Петька прочел письмо и повеселел. Феликс все-таки был славный малый! Петька поступил нехорошо, не простившись с ним после бала. «Нет, Феликс лучше меня!» — решил Петька.
Глава VIII
Дни тихо шли за днями, месяцы за месяцами. Петька проживал у господина Габриэль уже второй год. Учитель с строгой последовательностью, называемой госпожой Габриэль упрямством, не позволял больше Петьке появляться на сцене. Сам Петька получил от своего бывшего учителя пения, который ежемесячно платил за его учение и содержание, строгий наказ не думать о сцене, пока находится в школе. Петька не желал ослушаться, но мысли его сами собою обращались к театру в столице. Там ведь он надеялся когда-нибудь выступить уже знаменитым певцом. Но — увы! — голос его все еще не возвращался, и это сильно огорчало Петьку. Кто мог утешить его? Ни господин Габриэль и ни его супруга; один Господь Бог. Он ниспосылает людям утешение по-разному; Петьке оно было ниспослано во сне; недаром же он был счастливцем!

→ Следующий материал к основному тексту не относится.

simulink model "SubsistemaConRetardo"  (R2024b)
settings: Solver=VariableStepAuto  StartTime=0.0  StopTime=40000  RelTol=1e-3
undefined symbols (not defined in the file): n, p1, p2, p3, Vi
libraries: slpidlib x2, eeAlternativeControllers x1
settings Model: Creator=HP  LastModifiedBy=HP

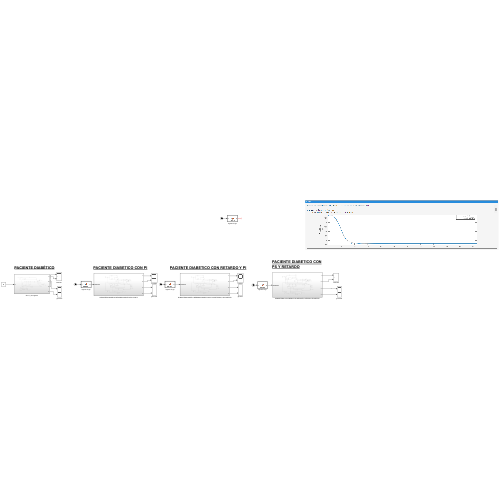
[thumbnail: Simulink's stored preview of the top-level diagram]
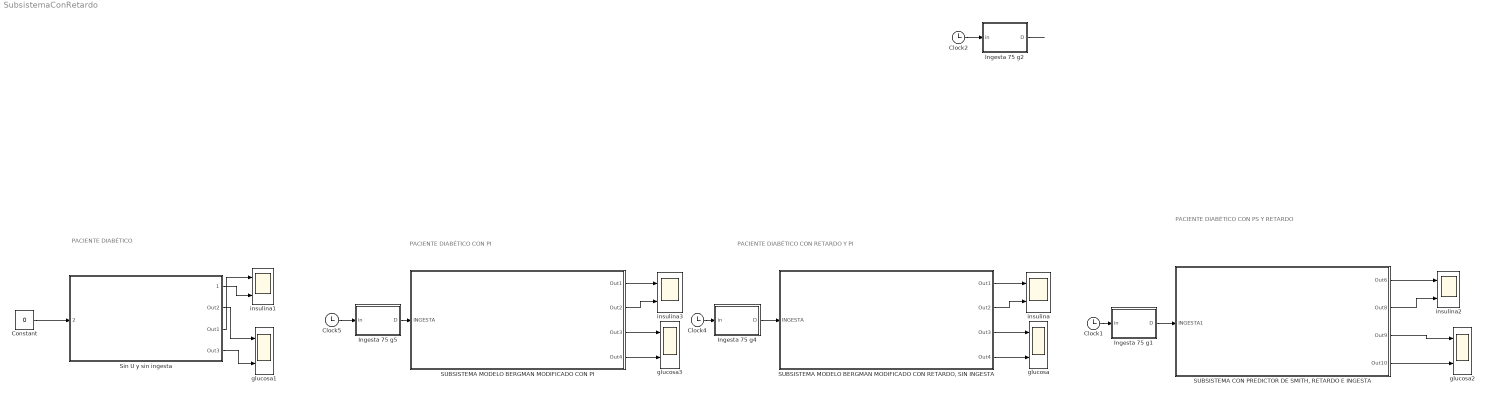
== system SubsistemaConRetardo ==
  note: PACIENTE DIABÉTICO
  note: PACIENTE DIABÉTICO CON RETARDO Y PI
  note: PACIENTE DIABÉTICO CON PI
  note: PACIENTE DIABÉTICO CON PS Y RETARDO
  Clock{1..2,4..5} (4 alike) : Clock
  Constant : Constant  Value=0
  Ingesta 75 g1 : MATLAB Function  TreatAsAtomicUnit=on
  Ingesta 75 g2 : MATLAB Function  TreatAsAtomicUnit=on
  Ingesta 75 g4 : MATLAB Function  TreatAsAtomicUnit=on
  Ingesta 75 g5 : MATLAB Function  TreatAsAtomicUnit=on
  "SUBSISTEMA CON PREDICTOR DE SMITH, RETARDO E INGESTA" : Subsystem
  SUBSISTEMA MODELO BERGMAN MODIFICADO CON PI : Subsystem
  "SUBSISTEMA MODELO BERGMAN MODIFICADO CON RETARDO, SIN INGESTA" : Subsystem
  Sin U y sin ingesta : Subsystem
  glucosa{,1..3} (4 alike) : Scope  NumInputPorts=2
  insulina{,1..3} (4 alike) : Scope  NumInputPorts=2
  wires:
  "SUBSISTEMA MODELO BERGMAN MODIFICADO CON RETARDO, SIN INGESTA"/1(Out1) -> insulina/1
  "SUBSISTEMA MODELO BERGMAN MODIFICADO CON RETARDO, SIN INGESTA"/2(Out2) -> insulina/2
  "SUBSISTEMA MODELO BERGMAN MODIFICADO CON RETARDO, SIN INGESTA"/3(Out3) -> glucosa/1
  "SUBSISTEMA MODELO BERGMAN MODIFICADO CON RETARDO, SIN INGESTA"/4(Out4) -> glucosa/2
  "SUBSISTEMA CON PREDICTOR DE SMITH, RETARDO E INGESTA"/4(Out10) -> glucosa2/2
  "SUBSISTEMA CON PREDICTOR DE SMITH, RETARDO E INGESTA"/2(Out8) -> insulina2/2
  "SUBSISTEMA CON PREDICTOR DE SMITH, RETARDO E INGESTA"/1(Out6) -> insulina2/1
  "SUBSISTEMA CON PREDICTOR DE SMITH, RETARDO E INGESTA"/3(Out9) -> glucosa2/1
  SUBSISTEMA MODELO BERGMAN MODIFICADO CON PI/3(Out3) -> glucosa3/1
  SUBSISTEMA MODELO BERGMAN MODIFICADO CON PI/1(Out1) -> insulina3/1
  SUBSISTEMA MODELO BERGMAN MODIFICADO CON PI/2(Out2) -> insulina3/2
  SUBSISTEMA MODELO BERGMAN MODIFICADO CON PI/4(Out4) -> glucosa3/2
  Sin U y sin ingesta/1(1) -> insulina1/2
  Sin U y sin ingesta/2(Out2) -> glucosa1/1
  Sin U y sin ingesta/3(Out1) -> insulina1/1
  Sin U y sin ingesta/4(Out3) -> glucosa1/2
  Constant/1 -> Sin U y sin ingesta/1(2)
  Ingesta 75 g2/1(D) -> ?
  Clock2/1 -> Ingesta 75 g2/1(in)
  Clock4/1 -> Ingesta 75 g4/1(in)
  Ingesta 75 g4/1(D) -> "SUBSISTEMA MODELO BERGMAN MODIFICADO CON RETARDO, SIN INGESTA"/1(INGESTA)
  Clock5/1 -> Ingesta 75 g5/1(in)
  Ingesta 75 g5/1(D) -> SUBSISTEMA MODELO BERGMAN MODIFICADO CON PI/1(INGESTA)
  Ingesta 75 g1/1(D) -> "SUBSISTEMA CON PREDICTOR DE SMITH, RETARDO E INGESTA"/1(INGESTA1)
  Clock1/1 -> Ingesta 75 g1/1(in)

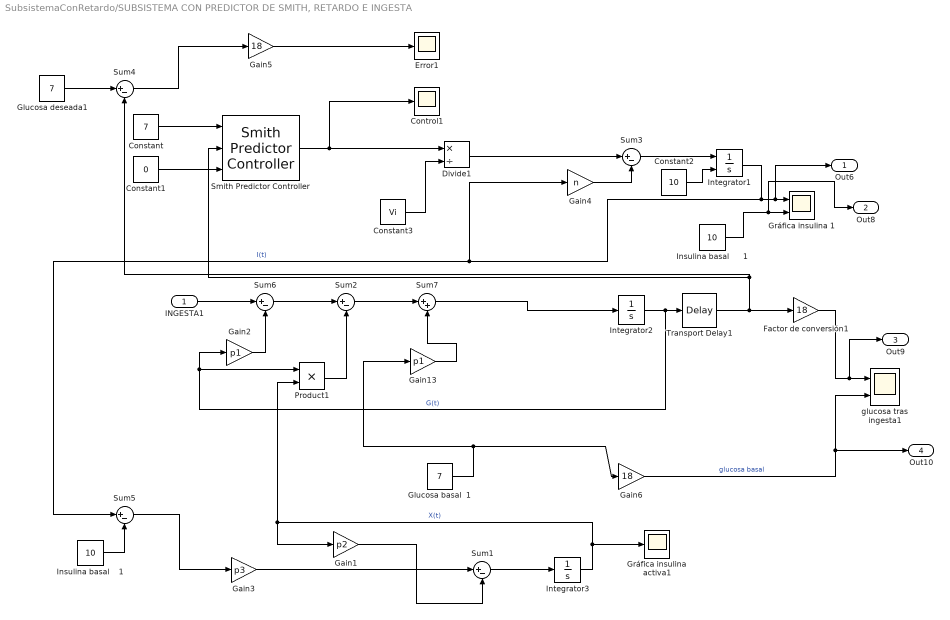
== system SubsistemaConRetardo/SUBSISTEMA CON PREDICTOR DE SMITH, RETARDO E INGESTA ==
  INGESTA1 : Inport
  Constant : Constant  Value=7
  Constant1 : Constant  Value=0
  Constant2 : Constant  Value=10
  Constant3 : Constant  Value=Vi
  Control1 : Scope
  Divide1 : Product  Inputs=*/
  Error1 : Scope
  Factor de conversión1 : Gain  Gain=18
  Gain1 : Gain  Gain=p2
  Gain13 : Gain  Gain=p1
  Gain2 : Gain  Gain=p1
  Gain3 : Gain  Gain=p3
  Gain4 : Gain  Gain=n
  Gain5 : Gain  Gain=18
  Gain6 : Gain  Gain=18
  Glucosa basal  1 : Constant  Value=7
  Glucosa deseada1 : Constant  Value=7
  Gráfica insulina 1 : Scope  NumInputPorts=2
  Gráfica insulina activa1 : Scope
  Insulina basal      1 : Constant  Value=10
  Insulina basal    1 : Constant  Value=10
  Integrator1 : Integrator  InitialConditionSource=external
  Integrator2 : Integrator  InitialCondition=7
  Integrator3 : Integrator
  Product1 : Product
  Smith Predictor Controller : eeAlternativeControllers/Smith Predictor Controller  Kp=-0.3195  Ki=-0.3195/2998.95  x0=0  B=5  A=0  numd=[8.979]  dend=[1, 0.6205, 0.1686]  d=900  Ts=1
  Sum{1..6} (6 alike) : Sum  Inputs=|+-
  Sum7 : Sum  Inputs=|++
  Transport Delay1 : TransportDelay  DelayTime=900  InitialOutput=7
  glucosa tras ingesta1 : Scope  NumInputPorts=2
  Out6 : Outport
  Out8 : Outport  Port=2
  Out9 : Outport  Port=3
  Out10 : Outport  Port=4
  wires:
  Gain13/1 -> Sum7/2
  INGESTA1/1 -> Sum6/1
  Gain2/1 -> Sum6/2
  Sum6/1 -> Sum2/1
  Insulina basal      1/1 -> Out8/1, Gráfica insulina 1/2
  Gain4/1 -> Sum3/2
  Integrator1/1 -> Out6/1, Gráfica insulina 1/1, Sum5/1, Gain4/1  "I(t)"
  Gain5/1 -> Error1/1
  Factor de conversión1/1 -> Out9/1, glucosa tras ingesta1/1
  Sum7/1 -> Integrator2/1
  Sum5/1 -> Gain3/1
  Sum3/1 -> Integrator1/1
  Sum4/1 -> Gain5/1
  Product1/1 -> Sum2/2
  Constant3/1 -> Divide1/2
  Integrator3/1 -> Product1/2, Gain1/1, Gráfica insulina activa1/1  "X(t)"
  Gain6/1 -> Out10/1, glucosa tras ingesta1/2  "glucosa basal"
  Glucosa deseada1/1 -> Sum4/1
  Integrator2/1 -> Gain2/1, Product1/1, Transport Delay1/1  "G(t)"
  Glucosa basal  1/1 -> Gain13/1, Gain6/1
  Divide1/1 -> Sum3/1
  Constant2/1 -> Integrator1/2
  Sum2/1 -> Sum7/1
  Smith Predictor Controller/1 -> Control1/1, Divide1/1
  Gain1/1 -> Sum1/2
  Constant1/1 -> Smith Predictor Controller/3
  Insulina basal    1/1 -> Sum5/2
  Gain3/1 -> Sum1/1
  Constant/1 -> Smith Predictor Controller/1
  Sum1/1 -> Integrator3/1
  Transport Delay1/1 -> Smith Predictor Controller/2, Sum4/2, Factor de conversión1/1

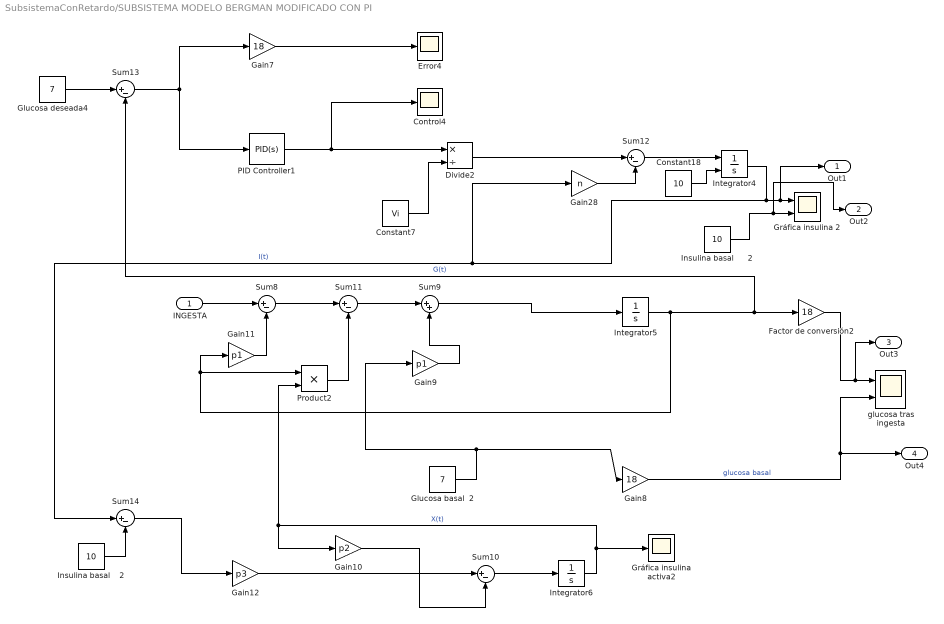
== system SubsistemaConRetardo/SUBSISTEMA MODELO BERGMAN MODIFICADO CON PI ==
  INGESTA : Inport
  Constant18 : Constant  Value=10
  Constant7 : Constant  Value=Vi
  Control4 : Scope
  Divide2 : Product  Inputs=*/
  Error4 : Scope
  Factor de conversión2 : Gain  Gain=18
  Gain10 : Gain  Gain=p2
  Gain11 : Gain  Gain=p1
  Gain12 : Gain  Gain=p3
  Gain28 : Gain  Gain=n
  Gain7 : Gain  Gain=18
  Gain8 : Gain  Gain=18
  Gain9 : Gain  Gain=p1
  Glucosa basal  2 : Constant  Value=7
  Glucosa deseada4 : Constant  Value=7
  Gráfica insulina 2 : Scope  NumInputPorts=2
  Gráfica insulina activa2 : Scope
  Insulina basal      2 : Constant  Value=10
  Insulina basal    2 : Constant  Value=10
  Integrator4 : Integrator  InitialConditionSource=external
  Integrator5 : Integrator  InitialCondition=7
  Integrator6 : Integrator
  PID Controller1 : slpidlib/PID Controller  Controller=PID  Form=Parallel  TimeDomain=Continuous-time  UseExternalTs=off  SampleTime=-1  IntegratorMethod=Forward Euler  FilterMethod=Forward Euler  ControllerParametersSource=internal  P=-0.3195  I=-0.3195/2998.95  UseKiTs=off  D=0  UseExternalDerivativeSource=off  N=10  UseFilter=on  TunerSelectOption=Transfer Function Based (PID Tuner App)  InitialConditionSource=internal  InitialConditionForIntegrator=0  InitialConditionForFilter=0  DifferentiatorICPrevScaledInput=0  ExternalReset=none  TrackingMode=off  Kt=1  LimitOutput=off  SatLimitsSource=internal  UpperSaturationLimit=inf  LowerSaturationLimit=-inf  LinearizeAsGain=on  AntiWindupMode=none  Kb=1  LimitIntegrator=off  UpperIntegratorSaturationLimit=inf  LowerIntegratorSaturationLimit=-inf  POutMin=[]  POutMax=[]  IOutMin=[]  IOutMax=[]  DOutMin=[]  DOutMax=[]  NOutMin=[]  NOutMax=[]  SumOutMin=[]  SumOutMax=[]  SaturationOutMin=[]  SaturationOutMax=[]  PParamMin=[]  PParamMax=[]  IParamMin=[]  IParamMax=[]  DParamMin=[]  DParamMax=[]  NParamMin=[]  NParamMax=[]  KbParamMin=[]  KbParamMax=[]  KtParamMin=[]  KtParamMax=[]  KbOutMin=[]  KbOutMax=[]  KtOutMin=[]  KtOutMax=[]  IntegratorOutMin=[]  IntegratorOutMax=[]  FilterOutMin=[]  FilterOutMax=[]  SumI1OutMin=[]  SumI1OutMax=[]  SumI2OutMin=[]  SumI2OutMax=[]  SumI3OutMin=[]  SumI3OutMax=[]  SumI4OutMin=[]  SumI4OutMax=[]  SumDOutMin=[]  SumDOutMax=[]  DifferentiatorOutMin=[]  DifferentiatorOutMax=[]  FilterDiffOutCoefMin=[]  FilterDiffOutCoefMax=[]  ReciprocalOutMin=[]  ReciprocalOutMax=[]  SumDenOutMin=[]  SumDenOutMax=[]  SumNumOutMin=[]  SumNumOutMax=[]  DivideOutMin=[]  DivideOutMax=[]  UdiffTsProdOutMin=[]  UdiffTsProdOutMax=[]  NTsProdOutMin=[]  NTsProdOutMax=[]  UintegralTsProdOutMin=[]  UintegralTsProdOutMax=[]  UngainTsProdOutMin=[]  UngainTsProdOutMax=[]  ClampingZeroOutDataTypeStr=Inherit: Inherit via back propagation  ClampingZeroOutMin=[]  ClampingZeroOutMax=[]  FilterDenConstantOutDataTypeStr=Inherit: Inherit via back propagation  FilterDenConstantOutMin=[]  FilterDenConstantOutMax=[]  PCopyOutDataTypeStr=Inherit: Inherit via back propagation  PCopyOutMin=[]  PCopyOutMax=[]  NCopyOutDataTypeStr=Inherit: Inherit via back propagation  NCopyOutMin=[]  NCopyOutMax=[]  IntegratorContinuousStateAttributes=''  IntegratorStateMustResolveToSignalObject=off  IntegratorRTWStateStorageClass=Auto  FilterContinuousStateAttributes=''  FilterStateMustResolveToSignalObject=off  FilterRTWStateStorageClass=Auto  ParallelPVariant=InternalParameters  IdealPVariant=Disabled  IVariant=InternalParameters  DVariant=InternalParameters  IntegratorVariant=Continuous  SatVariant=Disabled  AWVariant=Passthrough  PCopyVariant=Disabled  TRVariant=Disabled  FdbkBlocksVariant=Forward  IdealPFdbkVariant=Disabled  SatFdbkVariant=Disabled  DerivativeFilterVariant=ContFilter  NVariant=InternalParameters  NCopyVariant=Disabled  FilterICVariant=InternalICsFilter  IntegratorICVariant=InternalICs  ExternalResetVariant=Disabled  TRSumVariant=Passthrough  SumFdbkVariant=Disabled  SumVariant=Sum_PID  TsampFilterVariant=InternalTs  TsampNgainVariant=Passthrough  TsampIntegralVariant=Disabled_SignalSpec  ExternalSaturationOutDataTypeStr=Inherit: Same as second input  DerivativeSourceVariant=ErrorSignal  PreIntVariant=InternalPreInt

Однажды ночью ему приснилось, что настала Троица и что он гуляет в чудесном зеленом лесу; сквозь листву деревьев светит солнышко; на земле ковер из анемонов и скороспелок. Вот закуковала кукушка. «Сколько лет мне жить?» — спросил Петька. Это всегда спрашивают, когда в первый раз услышат кукушку весною. «Ку-ку!» — прокуковала птичка и смолкла. «Что же это, мне осталось жить один год? — сказал Петька. — Маловато! Не угодно ли начать снова?» И кукушка принялась куковать без счета! Кончилось тем, что закуковал с нею и Петька, да так хорошо, словно и впрямь был кукушкой, только его «ку-ку» звучали еще громче, еще чище. Запели птички; Петька стал подражать и птичкам, и перещеголял и их. Его звонкий детский голосок вернулся к нему, и он ликовал. Проснувшись, Петька себя не помнил от радости: теперь он был уверен, что голос его не пропал, что в одно прекрасное весеннее утро он вернется к нему такой же свежий, чистый, как и прежде! И Петька, убаюканный этой радостной надеждой, заснул опять. Голос, однако, не вернулся к нему ни на следующий день, ни через неделю, ни через месяц. В ожидании Петька жил весточками о театре родного города. Они были для него манной небесной, духовным хлебом; «крошки ведь тот же хлеб», и Петька рад был и крошкам — самым пустяшным известиям.
У господина Габриэля был сосед — мелочной торговец. Жена его, почтенная, живая и веселая женщина, но полнейшая невежда в искусстве, побывала первый раз в столице и вернулась оттуда в полном восторге от всего виденного, даже от людей. Они, по ее рассказам, смеялись каждому ее слову; в этом, впрочем, не было ничего невероятного.
— А были ли вы в театре? — спросил ее Петька.
— Как же! — ответила она. — И упарилась же я там! Поглядели бы вы на меня! Пот лил градом!
— А что же вы видели? Какую пьесу?
— Сейчас расскажу все! Я была там два раза. В первый раз представление было с разговорами. Сначала пришла принцесса и давай тараторить: «Та-та-та! Та-та-та!» Потом явился мужчина, и оба затараторили наперебой: «Та-та-та! Та-та-та!» После того барыня шлепнулась! Она в этот вечер целых пять раз шлепалась. В другой раз я попала на пение. Ну, пропели: «Тра-ла-ла, тра-ла-ла!» — и барыня тоже шлепнулась. Рядом со мной сидела приличная женщина, провинциалка. Она сроду не бывала в театре и думала, что тут и конец всему, ну а я-то уж знала, в чем дело, и объяснила ей, что в последний раз, как я была в театре, барыня шлепалась целых пять раз. В этот вечер она, впрочем, шлепнулась всего три раза. Да, так вот что я видела!